(Source records)
= Beginning of Section =
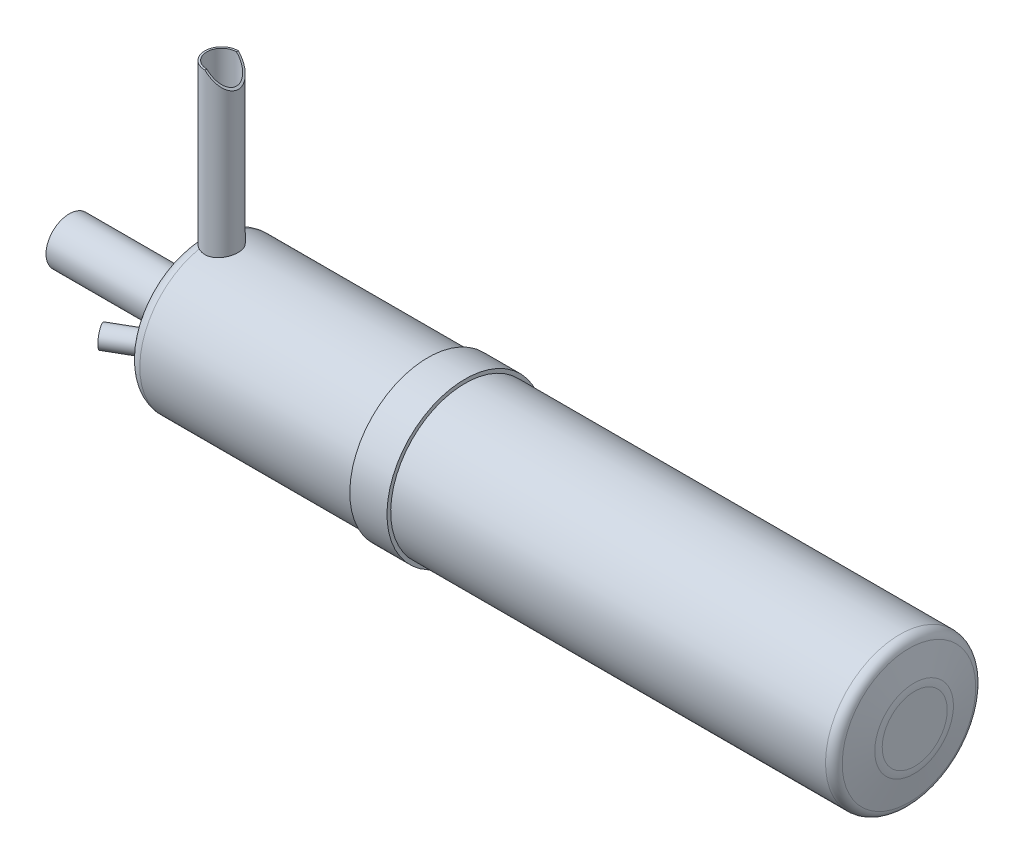
from build123d import *

# Parameters (mm, degrees)
SKETCH2_W          = 1
SKETCH2_H          = 88
CUT_EXTRUDE1_DEPTH = 10


with BuildPart() as part:
    # Sketch1 → Revolve1 (revolve)
    with BuildSketch(Plane.XY, mode=Mode.PRIVATE) as revolve1_sk:
        with BuildLine():
            Line((0, 12.5), (70, 12.5))
            Line((70, 12.5), (70, 16.864606255))
            ThreePointArc((70, 16.864606255), (70.010085496, 17.499679587), (70.040331814, 18.134112416))
            Line((70.040331814, 18.134112416), (71.014116135, 33.444327156))
            ThreePointArc((71.014116135, 33.444327156), (73.209921196, 38.104424066), (78, 40))
            Line((78, 40), (193, 40))
            Line((193, 40), (193, 42))
            Line((193, 42), (213, 42))
            Line((213, 42), (213, 40))
            Line((213, 40), (447, 40))
            ThreePointArc((447, 40), (450.195681655, 38.845467301), (451.915555723, 35.915047504))
            Line((451.915555723, 35.915047504), (454.662222892, 21.160190017))
            ThreePointArc((454.662222892, 21.160190017), (454.915376695, 19.337871346), (455, 17.5))
            Line((455, 17.5), (455, 0))
            Line((455, 0), (453, 0))
            Line((453, 0), (453, 17.5))
            ThreePointArc((453, 17.5), (452.923839026, 19.154084211), (452.696000602, 20.794171015))
            Line((452.696000602, 20.794171015), (449.949333434, 35.549028503))
            ThreePointArc((449.949333434, 35.549028503), (448.917408993, 37.30728038), (447, 38))
            Line((447, 38), (78, 38))
            ThreePointArc((78, 38), (74.57851514, 36.64601719), (73.010082953, 33.31737654))
            Line((73.010082953, 33.31737654), (72.036298632, 18.0071618))
            ThreePointArc((72.036298632, 18.0071618), (72.009076947, 17.436172254), (72, 16.864606255))
            Line((72, 16.864606255), (72, 10.5))
            Line((72, 10.5), (0, 10.5))
            Line((0, 10.5), (0, 12.5))
        make_face()
    revolve(revolve1_sk.sketch.rotate(Axis((0, 0, 0), (1, 0, 0)), 180), axis=Axis((0, 0, 0), (1, 0, 0)))

    # Sketch2 → Revolve2 (revolve)
    with BuildSketch(Plane.XY, mode=Mode.PRIVATE) as revolve2_sk:
        with Locations((73.514116135, 81)):
            Rectangle(SKETCH2_W, SKETCH2_H)
    revolve(revolve2_sk.sketch.rotate(Axis((82.014116135, 37, 0), (0, 1, 0)), 270), axis=Axis((82.014116135, 37, 0), (0, 1, 0)))

    # Sketch3 → Cut-Extrude1 (cut, symmetric)
    with BuildSketch(Plane.XY):
        Polygon((82.014116135, 125), (91.014116135, 125), (91.014116135, 116), align=None)
    extrude(amount=CUT_EXTRUDE1_DEPTH, both=True, mode=Mode.SUBTRACT)

    # Sketch4 → Revolve3 (revolve)
    with BuildSketch(Plane(origin=(0, 0, 0), x_dir=(1, 0, 0), z_dir=(0, 1, 0))):
        Polygon((74.509274782, -28.686334103), (55.456715899, -39.686334103), (55.956715899, -40.552359507), (75.009274782, -29.552359507), align=None)
    revolve(axis=Axis((53.206715899, 0, 35.789219786), (0.8660254037844379, 0, -0.5000000000000013)))


solid = part.part
= End of Section =
WHAT YOU HAVE TO DO —
Please give all of the data again, exact and free of pictures.

THE ANSWER —
from build123d import *

# Parameters (mm, degrees)
SKETCH2_W          = 1
SKETCH2_H          = 88
CUT_EXTRUDE1_DEPTH = 10


with BuildPart() as part:
    # Sketch1 → Revolve1 (revolve)
    with BuildSketch(Plane.XY, mode=Mode.PRIVATE) as revolve1_sk:
        with BuildLine():
            Line((0, 12.5), (70, 12.5))
            Line((70, 12.5), (70, 16.864606255))
            ThreePointArc((70, 16.864606255), (70.010085496, 17.499679587), (70.040331814, 18.134112416))
            Line((70.040331814, 18.134112416), (71.014116135, 33.444327156))
            ThreePointArc((71.014116135, 33.444327156), (73.209921196, 38.104424066), (78, 40))
            Line((78, 40), (193, 40))
            Line((193, 40), (193, 42))
            Line((193, 42), (213, 42))
            Line((213, 42), (213, 40))
            Line((213, 40), (447, 40))
            ThreePointArc((447, 40), (450.195681655, 38.845467301), (451.915555723, 35.915047504))
            Line((451.915555723, 35.915047504), (454.662222892, 21.160190017))
            ThreePointArc((454.662222892, 21.160190017), (454.915376695, 19.337871346), (455, 17.5))
            Line((455, 17.5), (455, 0))
            Line((455, 0), (453, 0))
            Line((453, 0), (453, 17.5))
            ThreePointArc((453, 17.5), (452.923839026, 19.154084211), (452.696000602, 20.794171015))
            Line((452.696000602, 20.794171015), (449.949333434, 35.549028503))
            ThreePointArc((449.949333434, 35.549028503), (448.917408993, 37.30728038), (447, 38))
            Line((447, 38), (78, 38))
            ThreePointArc((78, 38), (74.57851514, 36.64601719), (73.010082953, 33.31737654))
            Line((73.010082953, 33.31737654), (72.036298632, 18.0071618))
            ThreePointArc((72.036298632, 18.0071618), (72.009076947, 17.436172254), (72, 16.864606255))
            Line((72, 16.864606255), (72, 10.5))
            Line((72, 10.5), (0, 10.5))
            Line((0, 10.5), (0, 12.5))
        make_face()
    revolve(revolve1_sk.sketch.rotate(Axis((0, 0, 0), (1, 0, 0)), 180), axis=Axis((0, 0, 0), (1, 0, 0)))

    # Sketch2 → Revolve2 (revolve)
    with BuildSketch(Plane.XY, mode=Mode.PRIVATE) as revolve2_sk:
        with Locations((73.514116135, 81)):
            Rectangle(SKETCH2_W, SKETCH2_H)
    revolve(revolve2_sk.sketch.rotate(Axis((82.014116135, 37, 0), (0, 1, 0)), 270), axis=Axis((82.014116135, 37, 0), (0, 1, 0)))

    # Sketch3 → Cut-Extrude1 (cut, symmetric)
    with BuildSketch(Plane.XY):
        Polygon((82.014116135, 125), (91.014116135, 125), (91.014116135, 116), align=None)
    extrude(amount=CUT_EXTRUDE1_DEPTH, both=True, mode=Mode.SUBTRACT)

    # Sketch4 → Revolve3 (revolve)
    with BuildSketch(Plane(origin=(0, 0, 0), x_dir=(1, 0, 0), z_dir=(0, 1, 0))):
        Polygon((74.509274782, -28.686334103), (55.456715899, -39.686334103), (55.956715899, -40.552359507), (75.009274782, -29.552359507), align=None)
    revolve(axis=Axis((53.206715899, 0, 35.789219786), (0.8660254037844379, 0, -0.5000000000000013)))


solid = part.part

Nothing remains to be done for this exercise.